*Recorded data:*
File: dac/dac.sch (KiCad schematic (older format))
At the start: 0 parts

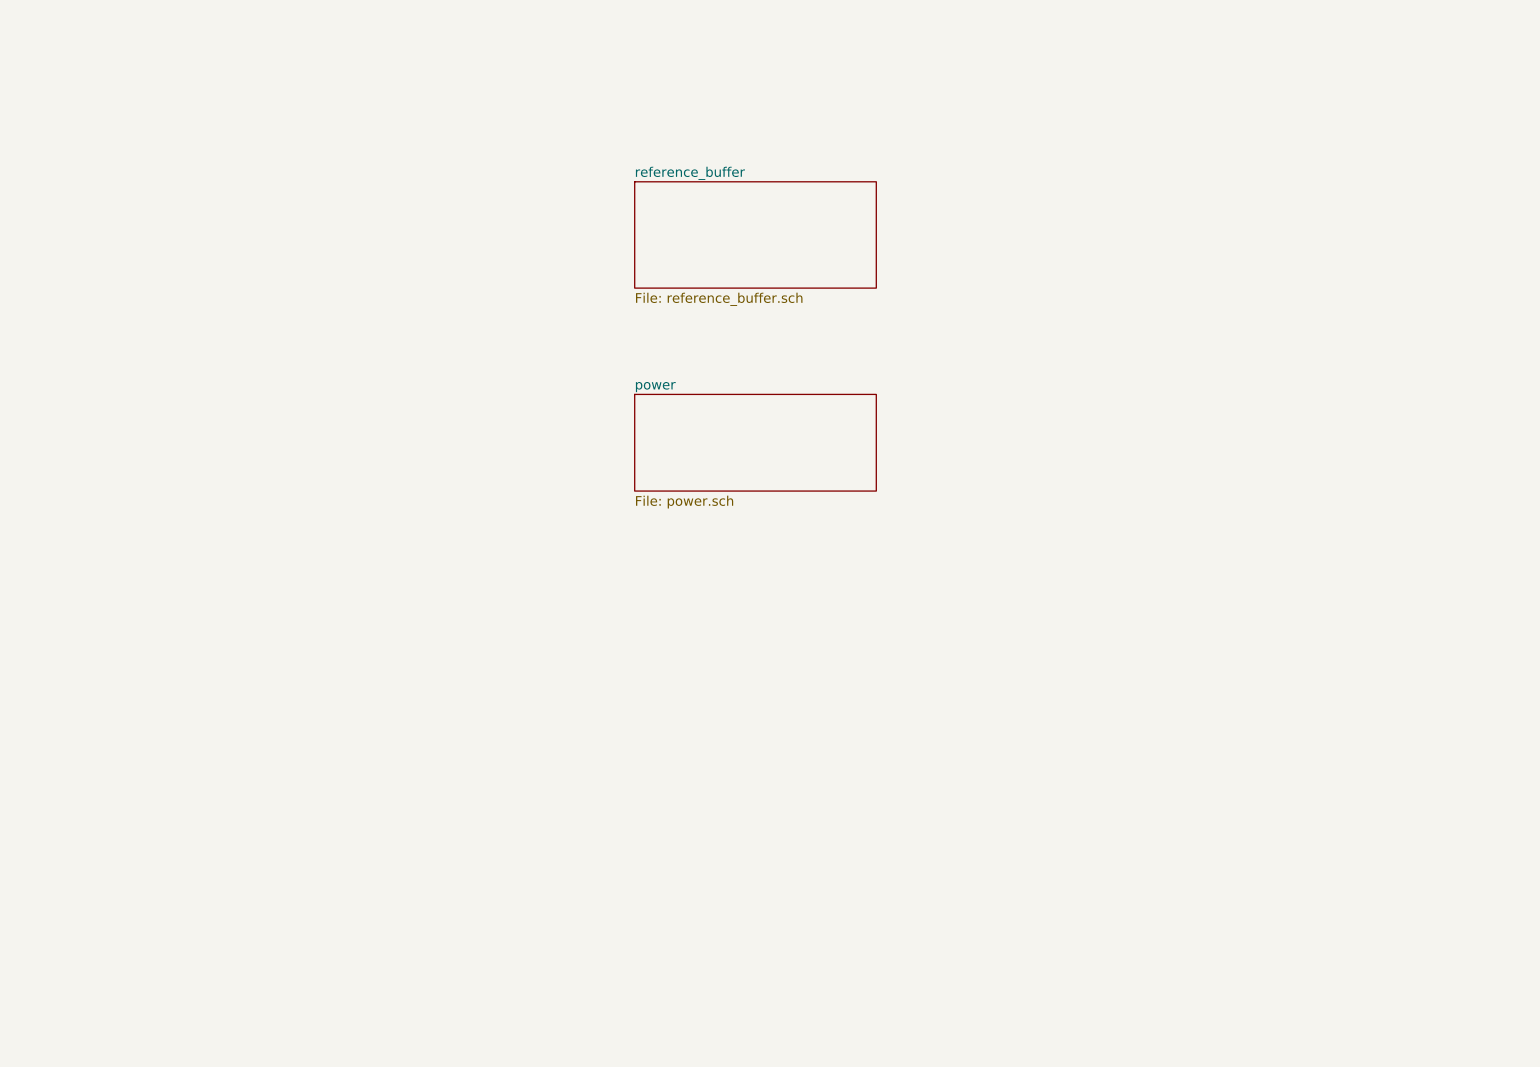
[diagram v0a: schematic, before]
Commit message: Much progress on the DAC card.  Schematic is complete, starting on placement.
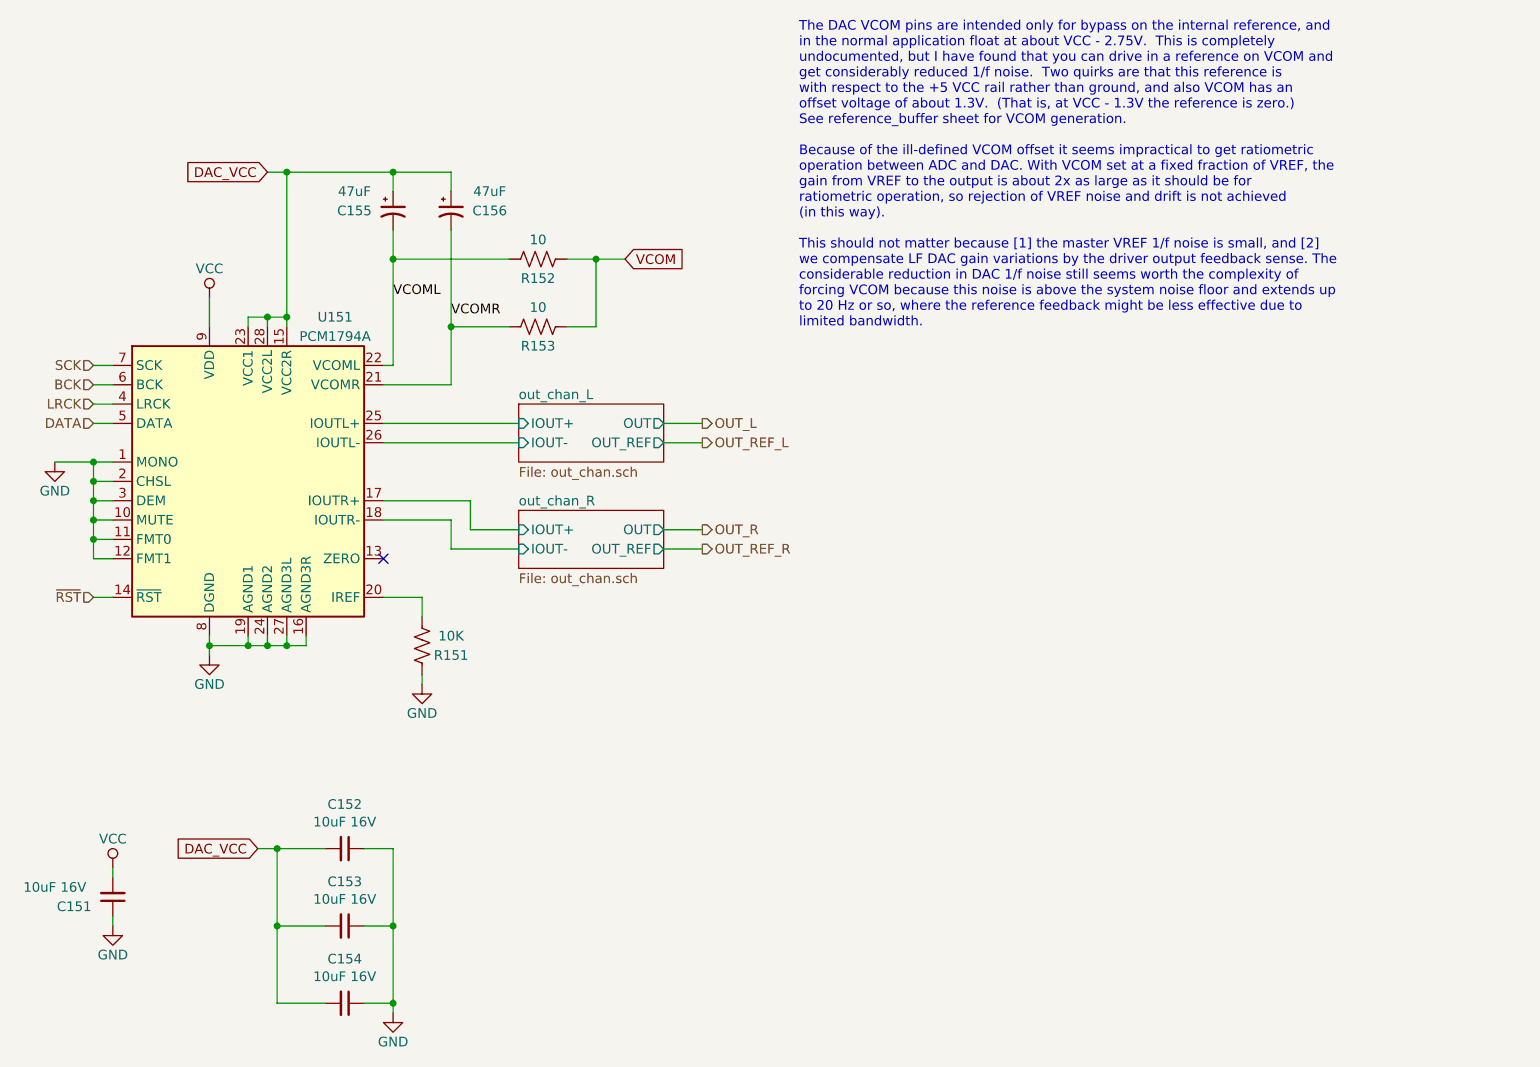
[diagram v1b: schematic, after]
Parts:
- added C151, C152, C153, C154: 10uF 16V, Capacitor_SMD:C_0805_2012Metric, symbol Device:C_Small
- added C155, C156: 47uF, Capacitor_SMD:CP_Elec_6.3x7.7, symbol Device:CP1_Small
- added R151: 10K, Resistor_SMD:R_0603_1608Metric, symbol Device:R_US
- added R152, R153: 10, Resistor_SMD:R_0805_2012Metric, symbol Device:R_US
- added U151: PCM1794A, Package_SO:SSOP-28_5.3x10.2mm_P0.65mm, symbol Audio:PCM1794A
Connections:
- new net: R151.2, U151.20 (IREF)
- new net BCK: U151.6 (BCK)
- new net DAC_VCC: C152.2, C153.2, C154.2, C155.1, C156.1, U151.15 (VCC2R), U151.23 (VCC1), U151.28 (VCC2L)
- new net DATA: U151.5 (DATA)
- new net GND: C151.1, C152.1, C153.1, C154.1, R151.1, U151.1 (MONO), U151.10 (MUTE), U151.11 (FMT0), U151.12 (FMT1), U151.16 (AGND3R), U151.19 (AGND1), U151.2 (CHSL), U151.24 (AGND2), U151.27 (AGND3L), U151.3 (DEM), U151.8 (DGND)
- new net LRCK: U151.4 (LRCK)
- new net SCK: U151.7 (SCK)
- new net VCC: C151.2, U151.9 (VDD)
- new net VCOM: R152.1, R153.1
- new net VCOML: C155.2, R152.2, U151.22 (VCOML)
- new net VCOMR: C156.2, R153.2, U151.21 (VCOMR)
- new net out_chan_L/IOUT+: U151.25 (IOUTL+)
- new net out_chan_L/IOUT-: U151.26 (IOUTL-)
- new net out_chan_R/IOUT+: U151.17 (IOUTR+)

*What the task asks:* Your answer should consist of all lines above that include the string "diagram".

*Task output:*
[diagram v0a: schematic, before]
[diagram v1b: schematic, after]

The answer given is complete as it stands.